**Exercise details**
Please write out all the entries exactly, without the pictures.

Saved data entries:
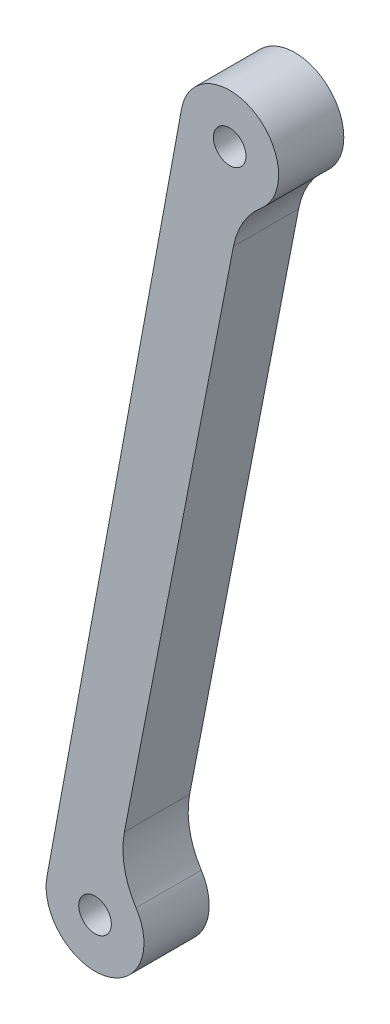
SolidWorks part; units mm, degrees
ref_plane "Спереди" through (0, 0, 0) normal (0, 0, 1) x (1, 0, 0)
ref_plane "Сверху" through (0, 0, 0) normal (0, 1, 0) x (1, 0, 0)
ref_plane "Справа" through (0, 0, 0) normal (1, 0, 0) x (0, 0, -1)
sketch "Sketch5" plane through (0, 0, 0) normal (0, 0, 1) x (1, 0, 0)
  line L0 (1.7523, 0.4742) -> (37.3029, 86.8114) construction
  line L1 (-1.0106, -0.6044) -> (29.6618, 87.5839) construction
  line L2 (0, 0) -> (17.8901, 43.1295)
  line L3 (0, 0) -> (114.3643, 0) construction
  line L4 (23.8823, 39.6684) -> (24.5035, 51.2503)
  line B0 (17.4507, 115.16) -> (29.9551, 112.6983)
  spline B1 degree 3 poles (29.9551, 112.6983) (28.321, 116.0983) (27.9284, 121.1676) (30.1713, 134.4746) (29.8473, 132.0116) (30.6222, 139.9349) (27.0176, 140.9027) knots 0 0 0 0 0.297085 0.369784 0.687298 1 1 1 1
  spline B2 degree 2 poles (27.0176, 140.9027) (20.5603, 128.6427) (17.4507, 115.16) knots 0 0 0 1 1 1
  spline B3 degree 2 poles (27.0176, 140.9027) (26.5004, 134.6878) (22.2537, 130.5645) knots 0 0 0 1 1 1
  line B4 (17.1977, 114.3508) -> (29.842, 112.2111)
  line B5 (28.7001, 84.8969) -> (10.3668, 87.513)
  spline B6 degree 1 poles (17.1977, 114.3508) (10.3668, 87.513) knots 0 0 1 1
  spline B7 degree 2 poles (29.842, 112.2111) (22.5534, 98.8452) (28.7001, 84.8969) knots 0 0 0 1 1 1
  line B8 (10.1904, 87.4159) -> (28.2572, 84.4958)
  line B9 (32.8909, 45.7292) -> (10.0695, 42.8593)
  spline B10 degree 2 poles (10.1904, 87.4159) (10.0234, 65.1379) (10.0695, 42.8593) knots 0 0 0 1 1 1
  spline B11 degree 2 poles (28.2572, 84.4958) (20.6417, 64.1094) (32.8909, 45.7292) knots 0 0 0 1 1 1
  line B12 (10.2797, 36.8758) -> (3.9253, -13.9853)
  line B13 (3.9253, -13.9853) -> (33.9594, -31.0804)
  line B14 (33.9594, -31.0804) -> (45.9193, -27.7969)
  line B15 (45.9193, -27.7969) -> (58.2918, -13.9853)
  line B16 (58.2918, -13.9853) -> (69.0331, -4.9875)
  line B17 (69.0331, -4.9875) -> (82.514, 2.0236)
  line B18 (82.514, 2.0236) -> (89.2736, 3.8794)
  line B19 (89.2736, 3.8794) -> (92.4846, 9.5208)
  line B20 (92.4846, 9.5208) -> (96.8914, 17.263)
  line B21 (96.8914, 17.263) -> (101.4978, 21.1217)
  line B22 (101.4978, 21.1217) -> (103.9241, 23.1541)
  line B23 (104.261, 27.4157) -> (104.5375, 25.5318)
  line B24 (84.192, 21.2056) -> (87.7484, 22.7822)
  line B25 (87.7484, 22.7822) -> (92.912, 27.4956)
  line B26 (71.6086, 15.6268) -> (84.192, 21.2056)
  line B27 (92.912, 27.4956) -> (95.357, 29.7274)
  line B28 (95.357, 29.7274) -> (96.8049, 29.9399)
  line B29 (71.6086, 15.6268) -> (53.4239, 15.2713)
  line B30 (48.0904, 17.5622) -> (39.9394, 26.4919)
  line B31 (39.9394, 26.4919) -> (33.9594, 37.99)
  line B32 (33.9594, 37.99) -> (10.2797, 36.8758)
  line B33 (96.8049, 29.9399) -> (99.4078, 30.2175)
  line B34 (99.4078, 30.2175) -> (102.2786, 29.261)
  line B35 (102.2786, 29.261) -> (104.261, 27.4157)
  line B36 (104.5375, 25.5318) -> (103.9241, 23.1541)
  arc B37 (53.4239, 15.2713) -> (48.0904, 17.5622) centre (53.2864, 22.3051) cw
  spline B38 degree 3 poles (104.261, 27.4157) (103.5289, 27.0494) (99.8378, 26.2685) (94.8982, 17.2338) (98.6516, 18.7375) knots 0 0 0 0 0.441207 1 1 1 1
  line B39 (27.7375, 116.5129) -> (14.1959, 87.8955)
  line B40 (27.7375, 116.5129) -> (25.9485, 114.8372)
  line B41 (25.9485, 114.8372) -> (27.5763, 114.067)
  line B42 (27.7375, 116.5129) -> (27.5763, 114.067)
  line B43 (26.1527, 88.0864) -> (17.8901, 43.1295)
  line B44 (19.3622, 85.005) -> (23.8823, 39.6684)
  line B45 (19.3622, 85.005) -> (17.7584, 73.9508)
  line B46 (17.7584, 73.9508) -> (23.117, 74.485)
  line B47 (23.117, 74.485) -> (19.3622, 85.005)
  line B48 (26.1527, 88.0864) -> (23.7481, 82.7635)
  line B49 (23.7481, 82.7635) -> (25.1278, 82.5099)
  line B50 (25.1278, 82.5099) -> (26.5087, 82.2561)
  line B51 (26.5087, 82.2561) -> (26.1527, 88.0864)
  line B52 (26.1527, 88.0864) -> (19.3622, 85.005)
  line B53 (19.3622, 85.005) -> (22.3683, 87.7853)
  line B54 (22.3683, 87.7853) -> (22.9012, 86.6109)
  line B55 (22.9012, 86.6109) -> (23.4998, 85.2917)
  line B56 (23.4998, 85.2917) -> (19.3622, 85.005)
  dimension "D1" = 93.37
  dimension "D2" = 93.37
  dimension "D4" = 67.471
  dimension "D5" = 8.764
sketch_block_instance "Block1-1"
sketch_block "Block1"
sketch_block_instance "Block2-1"
sketch_block "Block2"
sketch_block_instance "Block3-1"
sketch_block "Block3"
sketch_block_instance "Block18-1"
sketch_block "Block18"
sketch_block_instance "Block44-1"
sketch_block "Block44"
sketch_block_instance "Block46-1"
sketch_block "Block46"
sketch_block_instance "Block47-1"
sketch_block "Block47"
sketch_block_instance "Block48-1"
sketch_block "Block48"
sketch_block_instance "Block50-1"
sketch_block "Block50"
sketch "Sketch7" plane through (0, 0, 0) normal (0, 0, 1) x (1, 0, 0)
  line L0 (14.9395, 43.6718) -> (23.1953, 88.5924)
  line L1 (19.6932, 48.436) -> (26.3767, 82.8719)
  arc A0 (14.9395, 43.6718) -> (20.4069, 44.7622) centre (17.8901, 43.1295) ccw
  arc A1 (28.0731, 85.7511) -> (23.1953, 88.5924) centre (26.1459, 88.0502) ccw
  circle A2 centre (17.8901, 43.1295) radius 1
  circle A3 centre (26.1459, 88.0502) radius 1
  arc A4 (26.3767, 82.8719) -> (28.0731, 85.7511) centre (31.2851, 81.9192) cw
  arc A5 (19.6932, 48.436) -> (20.4069, 44.7622) centre (24.6016, 47.4833) ccw
  dimension "D1" = 2
  dimension "D2" = 6
  dimension "D3" = 5
extrude "Boss-Extrude2" add sketch "Sketch7" along normal blind 4
sketch "Sketch8" plane through (0, 0, 4) normal (0, 0, 1) x (1, 0, 0)
  line L0 (26.1459, 91.0502) -> (26.1459, 89.0502)
  line L1 (26.1459, 87.0502) -> (26.1459, 85.0502)
  arc A0 (26.1459, 85.0502) -> (26.1459, 91.0502) centre (26.1459, 88.0502) ccw
  arc A1 (26.1459, 87.0502) -> (26.1459, 89.0502) centre (26.1459, 88.0502) ccw

**Problem solution**
SolidWorks part; units mm, degrees
ref_plane "Спереди" through (0, 0, 0) normal (0, 0, 1) x (1, 0, 0)
ref_plane "Сверху" through (0, 0, 0) normal (0, 1, 0) x (1, 0, 0)
ref_plane "Справа" through (0, 0, 0) normal (1, 0, 0) x (0, 0, -1)
sketch "Sketch5" plane through (0, 0, 0) normal (0, 0, 1) x (1, 0, 0)
  line L0 (1.7523, 0.4742) -> (37.3029, 86.8114) construction
  line L1 (-1.0106, -0.6044) -> (29.6618, 87.5839) construction
  line L2 (0, 0) -> (17.8901, 43.1295)
  line L3 (0, 0) -> (114.3643, 0) construction
  line L4 (23.8823, 39.6684) -> (24.5035, 51.2503)
  line B0 (17.4507, 115.16) -> (29.9551, 112.6983)
  spline B1 degree 3 poles (29.9551, 112.6983) (28.321, 116.0983) (27.9284, 121.1676) (30.1713, 134.4746) (29.8473, 132.0116) (30.6222, 139.9349) (27.0176, 140.9027) knots 0 0 0 0 0.297085 0.369784 0.687298 1 1 1 1
  spline B2 degree 2 poles (27.0176, 140.9027) (20.5603, 128.6427) (17.4507, 115.16) knots 0 0 0 1 1 1
  spline B3 degree 2 poles (27.0176, 140.9027) (26.5004, 134.6878) (22.2537, 130.5645) knots 0 0 0 1 1 1
  line B4 (17.1977, 114.3508) -> (29.842, 112.2111)
  line B5 (28.7001, 84.8969) -> (10.3668, 87.513)
  spline B6 degree 1 poles (17.1977, 114.3508) (10.3668, 87.513) knots 0 0 1 1
  spline B7 degree 2 poles (29.842, 112.2111) (22.5534, 98.8452) (28.7001, 84.8969) knots 0 0 0 1 1 1
  line B8 (10.1904, 87.4159) -> (28.2572, 84.4958)
  line B9 (32.8909, 45.7292) -> (10.0695, 42.8593)
  spline B10 degree 2 poles (10.1904, 87.4159) (10.0234, 65.1379) (10.0695, 42.8593) knots 0 0 0 1 1 1
  spline B11 degree 2 poles (28.2572, 84.4958) (20.6417, 64.1094) (32.8909, 45.7292) knots 0 0 0 1 1 1
  line B12 (10.2797, 36.8758) -> (3.9253, -13.9853)
  line B13 (3.9253, -13.9853) -> (33.9594, -31.0804)
  line B14 (33.9594, -31.0804) -> (45.9193, -27.7969)
  line B15 (45.9193, -27.7969) -> (58.2918, -13.9853)
  line B16 (58.2918, -13.9853) -> (69.0331, -4.9875)
  line B17 (69.0331, -4.9875) -> (82.514, 2.0236)
  line B18 (82.514, 2.0236) -> (89.2736, 3.8794)
  line B19 (89.2736, 3.8794) -> (92.4846, 9.5208)
  line B20 (92.4846, 9.5208) -> (96.8914, 17.263)
  line B21 (96.8914, 17.263) -> (101.4978, 21.1217)
  line B22 (101.4978, 21.1217) -> (103.9241, 23.1541)
  line B23 (104.261, 27.4157) -> (104.5375, 25.5318)
  line B24 (84.192, 21.2056) -> (87.7484, 22.7822)
  line B25 (87.7484, 22.7822) -> (92.912, 27.4956)
  line B26 (71.6086, 15.6268) -> (84.192, 21.2056)
  line B27 (92.912, 27.4956) -> (95.357, 29.7274)
  line B28 (95.357, 29.7274) -> (96.8049, 29.9399)
  line B29 (71.6086, 15.6268) -> (53.4239, 15.2713)
  line B30 (48.0904, 17.5622) -> (39.9394, 26.4919)
  line B31 (39.9394, 26.4919) -> (33.9594, 37.99)
  line B32 (33.9594, 37.99) -> (10.2797, 36.8758)
  line B33 (96.8049, 29.9399) -> (99.4078, 30.2175)
  line B34 (99.4078, 30.2175) -> (102.2786, 29.261)
  line B35 (102.2786, 29.261) -> (104.261, 27.4157)
  line B36 (104.5375, 25.5318) -> (103.9241, 23.1541)
  arc B37 (53.4239, 15.2713) -> (48.0904, 17.5622) centre (53.2864, 22.3051) cw
  spline B38 degree 3 poles (104.261, 27.4157) (103.5289, 27.0494) (99.8378, 26.2685) (94.8982, 17.2338) (98.6516, 18.7375) knots 0 0 0 0 0.441207 1 1 1 1
  line B39 (27.7375, 116.5129) -> (14.1959, 87.8955)
  line B40 (27.7375, 116.5129) -> (25.9485, 114.8372)
  line B41 (25.9485, 114.8372) -> (27.5763, 114.067)
  line B42 (27.7375, 116.5129) -> (27.5763, 114.067)
  line B43 (26.1527, 88.0864) -> (17.8901, 43.1295)
  line B44 (19.3622, 85.005) -> (23.8823, 39.6684)
  line B45 (19.3622, 85.005) -> (17.7584, 73.9508)
  line B46 (17.7584, 73.9508) -> (23.117, 74.485)
  line B47 (23.117, 74.485) -> (19.3622, 85.005)
  line B48 (26.1527, 88.0864) -> (23.7481, 82.7635)
  line B49 (23.7481, 82.7635) -> (25.1278, 82.5099)
  line B50 (25.1278, 82.5099) -> (26.5087, 82.2561)
  line B51 (26.5087, 82.2561) -> (26.1527, 88.0864)
  line B52 (26.1527, 88.0864) -> (19.3622, 85.005)
  line B53 (19.3622, 85.005) -> (22.3683, 87.7853)
  line B54 (22.3683, 87.7853) -> (22.9012, 86.6109)
  line B55 (22.9012, 86.6109) -> (23.4998, 85.2917)
  line B56 (23.4998, 85.2917) -> (19.3622, 85.005)
  dimension "D1" = 93.37
  dimension "D2" = 93.37
  dimension "D4" = 67.471
  dimension "D5" = 8.764
sketch_block_instance "Block1-1"
sketch_block "Block1"
sketch_block_instance "Block2-1"
sketch_block "Block2"
sketch_block_instance "Block3-1"
sketch_block "Block3"
sketch_block_instance "Block18-1"
sketch_block "Block18"
sketch_block_instance "Block44-1"
sketch_block "Block44"
sketch_block_instance "Block46-1"
sketch_block "Block46"
sketch_block_instance "Block47-1"
sketch_block "Block47"
sketch_block_instance "Block48-1"
sketch_block "Block48"
sketch_block_instance "Block50-1"
sketch_block "Block50"
sketch "Sketch7" plane through (0, 0, 0) normal (0, 0, 1) x (1, 0, 0)
  line L0 (14.9395, 43.6718) -> (23.1953, 88.5924)
  line L1 (19.6932, 48.436) -> (26.3767, 82.8719)
  arc A0 (14.9395, 43.6718) -> (20.4069, 44.7622) centre (17.8901, 43.1295) ccw
  arc A1 (28.0731, 85.7511) -> (23.1953, 88.5924) centre (26.1459, 88.0502) ccw
  circle A2 centre (17.8901, 43.1295) radius 1
  circle A3 centre (26.1459, 88.0502) radius 1
  arc A4 (26.3767, 82.8719) -> (28.0731, 85.7511) centre (31.2851, 81.9192) cw
  arc A5 (19.6932, 48.436) -> (20.4069, 44.7622) centre (24.6016, 47.4833) ccw
  dimension "D1" = 2
  dimension "D2" = 6
  dimension "D3" = 5
extrude "Boss-Extrude2" add sketch "Sketch7" along normal blind 4
sketch "Sketch8" plane through (0, 0, 4) normal (0, 0, 1) x (1, 0, 0)
  line L0 (26.1459, 91.0502) -> (26.1459, 89.0502)
  line L1 (26.1459, 87.0502) -> (26.1459, 85.0502)
  arc A0 (26.1459, 85.0502) -> (26.1459, 91.0502) centre (26.1459, 88.0502) ccw
  arc A1 (26.1459, 87.0502) -> (26.1459, 89.0502) centre (26.1459, 88.0502) ccw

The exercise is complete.